## [ABOUT THIS TASK]
Give back the listing in full and exactly, leaving out the images.

↓

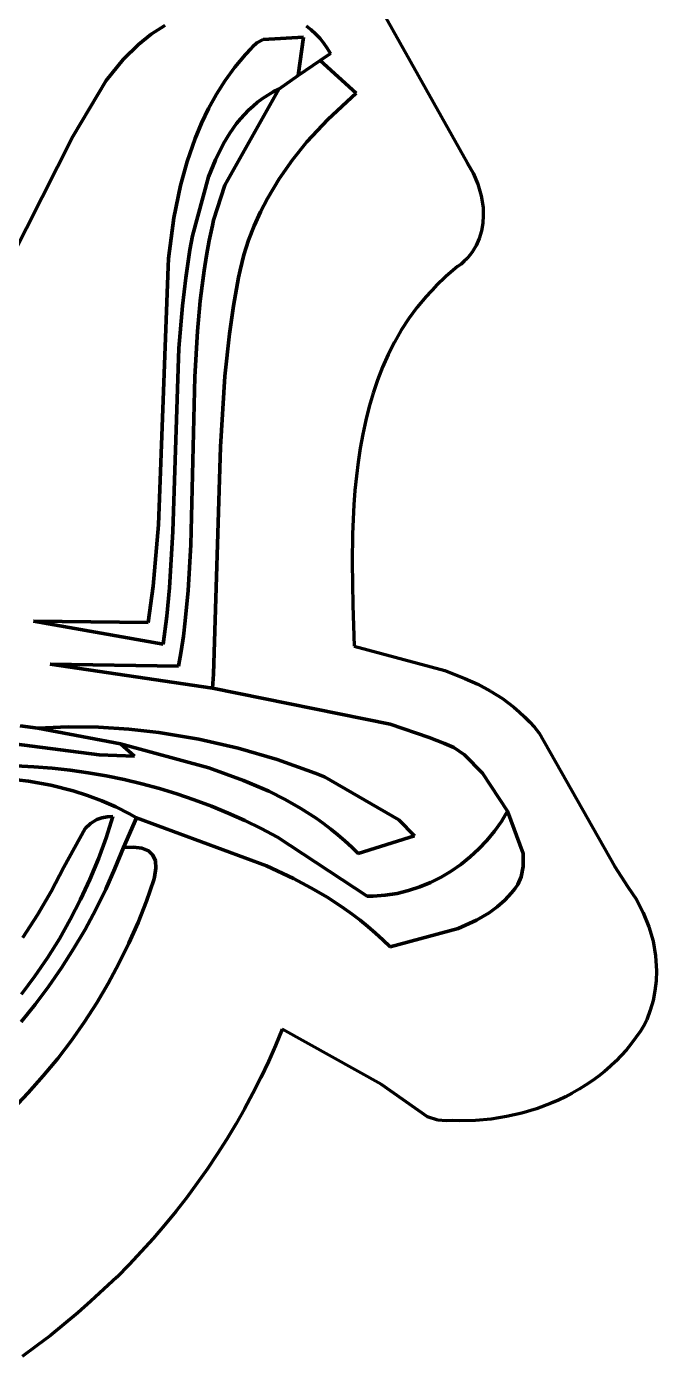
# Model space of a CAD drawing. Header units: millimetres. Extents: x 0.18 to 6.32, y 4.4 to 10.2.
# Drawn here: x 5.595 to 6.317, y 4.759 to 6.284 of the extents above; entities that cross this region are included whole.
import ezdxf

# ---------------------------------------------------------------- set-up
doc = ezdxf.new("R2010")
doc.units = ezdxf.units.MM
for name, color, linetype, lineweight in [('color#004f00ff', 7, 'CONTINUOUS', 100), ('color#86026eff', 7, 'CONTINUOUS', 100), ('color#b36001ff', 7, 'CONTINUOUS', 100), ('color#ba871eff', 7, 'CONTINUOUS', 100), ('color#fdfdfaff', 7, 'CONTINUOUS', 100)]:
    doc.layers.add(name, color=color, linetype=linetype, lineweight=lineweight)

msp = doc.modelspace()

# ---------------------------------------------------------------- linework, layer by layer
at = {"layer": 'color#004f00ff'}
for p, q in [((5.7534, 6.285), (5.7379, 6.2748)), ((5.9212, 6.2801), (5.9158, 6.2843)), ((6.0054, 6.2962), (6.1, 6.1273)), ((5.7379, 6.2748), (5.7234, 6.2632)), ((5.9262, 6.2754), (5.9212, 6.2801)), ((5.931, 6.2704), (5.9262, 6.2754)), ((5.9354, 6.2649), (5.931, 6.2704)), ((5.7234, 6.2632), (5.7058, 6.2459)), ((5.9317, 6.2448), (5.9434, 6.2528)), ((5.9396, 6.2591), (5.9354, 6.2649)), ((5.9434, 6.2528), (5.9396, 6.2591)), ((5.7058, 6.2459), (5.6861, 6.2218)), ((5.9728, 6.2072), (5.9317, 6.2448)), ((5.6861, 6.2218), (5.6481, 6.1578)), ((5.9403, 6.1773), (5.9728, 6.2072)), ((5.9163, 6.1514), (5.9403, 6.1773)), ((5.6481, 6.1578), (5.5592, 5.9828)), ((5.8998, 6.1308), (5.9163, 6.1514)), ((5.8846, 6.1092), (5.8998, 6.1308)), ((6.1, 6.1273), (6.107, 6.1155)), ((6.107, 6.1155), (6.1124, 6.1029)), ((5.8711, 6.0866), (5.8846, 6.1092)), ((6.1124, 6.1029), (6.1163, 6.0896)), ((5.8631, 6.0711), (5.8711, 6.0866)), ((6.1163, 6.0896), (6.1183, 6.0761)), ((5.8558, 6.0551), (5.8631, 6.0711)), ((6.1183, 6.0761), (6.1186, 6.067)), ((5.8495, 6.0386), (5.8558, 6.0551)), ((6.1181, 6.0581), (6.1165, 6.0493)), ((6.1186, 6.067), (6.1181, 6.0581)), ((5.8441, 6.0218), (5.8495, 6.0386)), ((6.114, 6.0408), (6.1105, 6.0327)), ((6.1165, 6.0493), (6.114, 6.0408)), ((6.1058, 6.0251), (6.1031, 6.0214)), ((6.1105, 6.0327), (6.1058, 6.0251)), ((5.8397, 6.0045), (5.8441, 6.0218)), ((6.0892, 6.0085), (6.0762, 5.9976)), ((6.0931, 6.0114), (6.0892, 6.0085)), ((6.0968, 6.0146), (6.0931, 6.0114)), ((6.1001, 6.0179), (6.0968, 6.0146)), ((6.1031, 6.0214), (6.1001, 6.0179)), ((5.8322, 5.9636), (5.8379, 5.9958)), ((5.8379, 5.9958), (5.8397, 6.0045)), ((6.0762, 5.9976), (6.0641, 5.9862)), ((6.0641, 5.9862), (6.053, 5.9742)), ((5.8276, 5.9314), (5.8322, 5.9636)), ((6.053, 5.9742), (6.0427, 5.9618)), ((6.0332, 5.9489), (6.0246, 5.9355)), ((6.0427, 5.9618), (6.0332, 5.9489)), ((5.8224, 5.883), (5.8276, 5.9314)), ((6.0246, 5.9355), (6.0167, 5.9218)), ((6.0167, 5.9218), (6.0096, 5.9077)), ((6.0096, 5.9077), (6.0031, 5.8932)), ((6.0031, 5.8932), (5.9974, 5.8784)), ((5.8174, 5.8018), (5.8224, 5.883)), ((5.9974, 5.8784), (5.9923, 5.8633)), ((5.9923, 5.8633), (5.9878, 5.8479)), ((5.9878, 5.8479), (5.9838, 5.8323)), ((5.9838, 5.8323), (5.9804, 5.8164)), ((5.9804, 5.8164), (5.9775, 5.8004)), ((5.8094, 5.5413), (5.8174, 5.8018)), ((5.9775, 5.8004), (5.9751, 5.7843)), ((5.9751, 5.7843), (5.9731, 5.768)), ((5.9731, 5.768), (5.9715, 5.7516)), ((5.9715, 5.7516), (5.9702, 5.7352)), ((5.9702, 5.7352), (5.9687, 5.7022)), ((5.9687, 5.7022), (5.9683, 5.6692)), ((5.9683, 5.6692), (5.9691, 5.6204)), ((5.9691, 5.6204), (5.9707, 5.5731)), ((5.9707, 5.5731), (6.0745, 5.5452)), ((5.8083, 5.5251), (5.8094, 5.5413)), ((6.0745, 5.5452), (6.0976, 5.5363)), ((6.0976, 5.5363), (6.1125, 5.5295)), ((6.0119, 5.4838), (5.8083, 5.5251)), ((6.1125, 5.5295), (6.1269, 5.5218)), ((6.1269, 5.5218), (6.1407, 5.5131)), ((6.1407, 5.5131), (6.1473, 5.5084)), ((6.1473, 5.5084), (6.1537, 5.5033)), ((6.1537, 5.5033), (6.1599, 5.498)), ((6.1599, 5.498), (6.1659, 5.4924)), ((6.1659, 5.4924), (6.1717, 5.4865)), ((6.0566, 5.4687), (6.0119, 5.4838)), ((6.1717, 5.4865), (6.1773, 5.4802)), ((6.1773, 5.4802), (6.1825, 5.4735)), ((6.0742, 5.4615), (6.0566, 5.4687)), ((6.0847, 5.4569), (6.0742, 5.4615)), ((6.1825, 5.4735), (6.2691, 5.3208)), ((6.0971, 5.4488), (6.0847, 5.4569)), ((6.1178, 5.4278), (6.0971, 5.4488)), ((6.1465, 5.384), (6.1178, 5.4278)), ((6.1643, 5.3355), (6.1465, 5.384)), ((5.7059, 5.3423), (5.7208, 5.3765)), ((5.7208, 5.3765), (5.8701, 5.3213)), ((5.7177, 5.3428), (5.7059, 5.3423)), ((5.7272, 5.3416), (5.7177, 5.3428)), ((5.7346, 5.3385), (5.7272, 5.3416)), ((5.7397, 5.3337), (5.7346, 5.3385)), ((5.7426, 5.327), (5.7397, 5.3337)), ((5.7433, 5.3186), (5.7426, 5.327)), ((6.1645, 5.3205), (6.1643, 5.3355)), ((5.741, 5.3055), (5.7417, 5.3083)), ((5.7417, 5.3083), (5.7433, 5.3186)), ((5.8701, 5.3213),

↑

## [SOLUTION]
# Model space of a CAD drawing. Header units: millimetres. Extents: x 0.18 to 6.32, y 4.4 to 10.2.
# Drawn here: x 5.595 to 6.317, y 4.759 to 6.284 of the extents above; entities that cross this region are included whole.
import ezdxf

# ---------------------------------------------------------------- set-up
doc = ezdxf.new("R2010")
doc.units = ezdxf.units.MM
for name, color, linetype, lineweight in [('color#004f00ff', 7, 'CONTINUOUS', 100), ('color#86026eff', 7, 'CONTINUOUS', 100), ('color#b36001ff', 7, 'CONTINUOUS', 100), ('color#ba871eff', 7, 'CONTINUOUS', 100), ('color#fdfdfaff', 7, 'CONTINUOUS', 100)]:
    doc.layers.add(name, color=color, linetype=linetype, lineweight=lineweight)

msp = doc.modelspace()

# ---------------------------------------------------------------- linework, layer by layer
at = {"layer": 'color#004f00ff'}
for p, q in [((5.7534, 6.285), (5.7379, 6.2748)), ((5.9212, 6.2801), (5.9158, 6.2843)), ((6.0054, 6.2962), (6.1, 6.1273)), ((5.7379, 6.2748), (5.7234, 6.2632)), ((5.9262, 6.2754), (5.9212, 6.2801)), ((5.931, 6.2704), (5.9262, 6.2754)), ((5.9354, 6.2649), (5.931, 6.2704)), ((5.7234, 6.2632), (5.7058, 6.2459)), ((5.9317, 6.2448), (5.9434, 6.2528)), ((5.9396, 6.2591), (5.9354, 6.2649)), ((5.9434, 6.2528), (5.9396, 6.2591)), ((5.7058, 6.2459), (5.6861, 6.2218)), ((5.9728, 6.2072), (5.9317, 6.2448)), ((5.6861, 6.2218), (5.6481, 6.1578)), ((5.9403, 6.1773), (5.9728, 6.2072)), ((5.9163, 6.1514), (5.9403, 6.1773)), ((5.6481, 6.1578), (5.5592, 5.9828)), ((5.8998, 6.1308), (5.9163, 6.1514)), ((5.8846, 6.1092), (5.8998, 6.1308)), ((6.1, 6.1273), (6.107, 6.1155)), ((6.107, 6.1155), (6.1124, 6.1029)), ((5.8711, 6.0866), (5.8846, 6.1092)), ((6.1124, 6.1029), (6.1163, 6.0896)), ((5.8631, 6.0711), (5.8711, 6.0866)), ((6.1163, 6.0896), (6.1183, 6.0761)), ((5.8558, 6.0551), (5.8631, 6.0711)), ((6.1183, 6.0761), (6.1186, 6.067)), ((5.8495, 6.0386), (5.8558, 6.0551)), ((6.1181, 6.0581), (6.1165, 6.0493)), ((6.1186, 6.067), (6.1181, 6.0581)), ((5.8441, 6.0218), (5.8495, 6.0386)), ((6.114, 6.0408), (6.1105, 6.0327)), ((6.1165, 6.0493), (6.114, 6.0408)), ((6.1058, 6.0251), (6.1031, 6.0214)), ((6.1105, 6.0327), (6.1058, 6.0251)), ((5.8397, 6.0045), (5.8441, 6.0218)), ((6.0892, 6.0085), (6.0762, 5.9976)), ((6.0931, 6.0114), (6.0892, 6.0085)), ((6.0968, 6.0146), (6.0931, 6.0114)), ((6.1001, 6.0179), (6.0968, 6.0146)), ((6.1031, 6.0214), (6.1001, 6.0179)), ((5.8322, 5.9636), (5.8379, 5.9958)), ((5.8379, 5.9958), (5.8397, 6.0045)), ((6.0762, 5.9976), (6.0641, 5.9862)), ((6.0641, 5.9862), (6.053, 5.9742)), ((5.8276, 5.9314), (5.8322, 5.9636)), ((6.053, 5.9742), (6.0427, 5.9618)), ((6.0332, 5.9489), (6.0246, 5.9355)), ((6.0427, 5.9618), (6.0332, 5.9489)), ((5.8224, 5.883), (5.8276, 5.9314)), ((6.0246, 5.9355), (6.0167, 5.9218)), ((6.0167, 5.9218), (6.0096, 5.9077)), ((6.0096, 5.9077), (6.0031, 5.8932)), ((6.0031, 5.8932), (5.9974, 5.8784)), ((5.8174, 5.8018), (5.8224, 5.883)), ((5.9974, 5.8784), (5.9923, 5.8633)), ((5.9923, 5.8633), (5.9878, 5.8479)), ((5.9878, 5.8479), (5.9838, 5.8323)), ((5.9838, 5.8323), (5.9804, 5.8164)), ((5.9804, 5.8164), (5.9775, 5.8004)), ((5.8094, 5.5413), (5.8174, 5.8018)), ((5.9775, 5.8004), (5.9751, 5.7843)), ((5.9751, 5.7843), (5.9731, 5.768)), ((5.9731, 5.768), (5.9715, 5.7516)), ((5.9715, 5.7516), (5.9702, 5.7352)), ((5.9702, 5.7352), (5.9687, 5.7022)), ((5.9687, 5.7022), (5.9683, 5.6692)), ((5.9683, 5.6692), (5.9691, 5.6204)), ((5.9691, 5.6204), (5.9707, 5.5731)), ((5.9707, 5.5731), (6.0745, 5.5452)), ((5.8083, 5.5251), (5.8094, 5.5413)), ((6.0745, 5.5452), (6.0976, 5.5363)), ((6.0976, 5.5363), (6.1125, 5.5295)), ((6.0119, 5.4838), (5.8083, 5.5251)), ((6.1125, 5.5295), (6.1269, 5.5218)), ((6.1269, 5.5218), (6.1407, 5.5131)), ((6.1407, 5.5131), (6.1473, 5.5084)), ((6.1473, 5.5084), (6.1537, 5.5033)), ((6.1537, 5.5033), (6.1599, 5.498)), ((6.1599, 5.498), (6.1659, 5.4924)), ((6.1659, 5.4924), (6.1717, 5.4865)), ((6.0566, 5.4687), (6.0119, 5.4838)), ((6.1717, 5.4865), (6.1773, 5.4802)), ((6.1773, 5.4802), (6.1825, 5.4735)), ((6.0742, 5.4615), (6.0566, 5.4687)), ((6.0847, 5.4569), (6.0742, 5.4615)), ((6.1825, 5.4735), (6.2691, 5.3208)), ((6.0971, 5.4488), (6.0847, 5.4569)), ((6.1178, 5.4278), (6.0971, 5.4488)), ((6.1465, 5.384), (6.1178, 5.4278)), ((6.1643, 5.3355), (6.1465, 5.384)), ((5.7059, 5.3423), (5.7208, 5.3765)), ((5.7208, 5.3765), (5.8701, 5.3213)), ((5.7177, 5.3428), (5.7059, 5.3423)), ((5.7272, 5.3416), (5.7177, 5.3428)), ((5.7346, 5.3385), (5.7272, 5.3416)), ((5.7397, 5.3337), (5.7346, 5.3385)), ((5.7426, 5.327), (5.7397, 5.3337)), ((5.7433, 5.3186), (5.7426, 5.327)), ((6.1645, 5.3205), (6.1643, 5.3355)), ((5.741, 5.3055), (5.7417, 5.3083)), ((5.7417, 5.3083), (5.7433, 5.3186)), ((5.8701, 5.3213),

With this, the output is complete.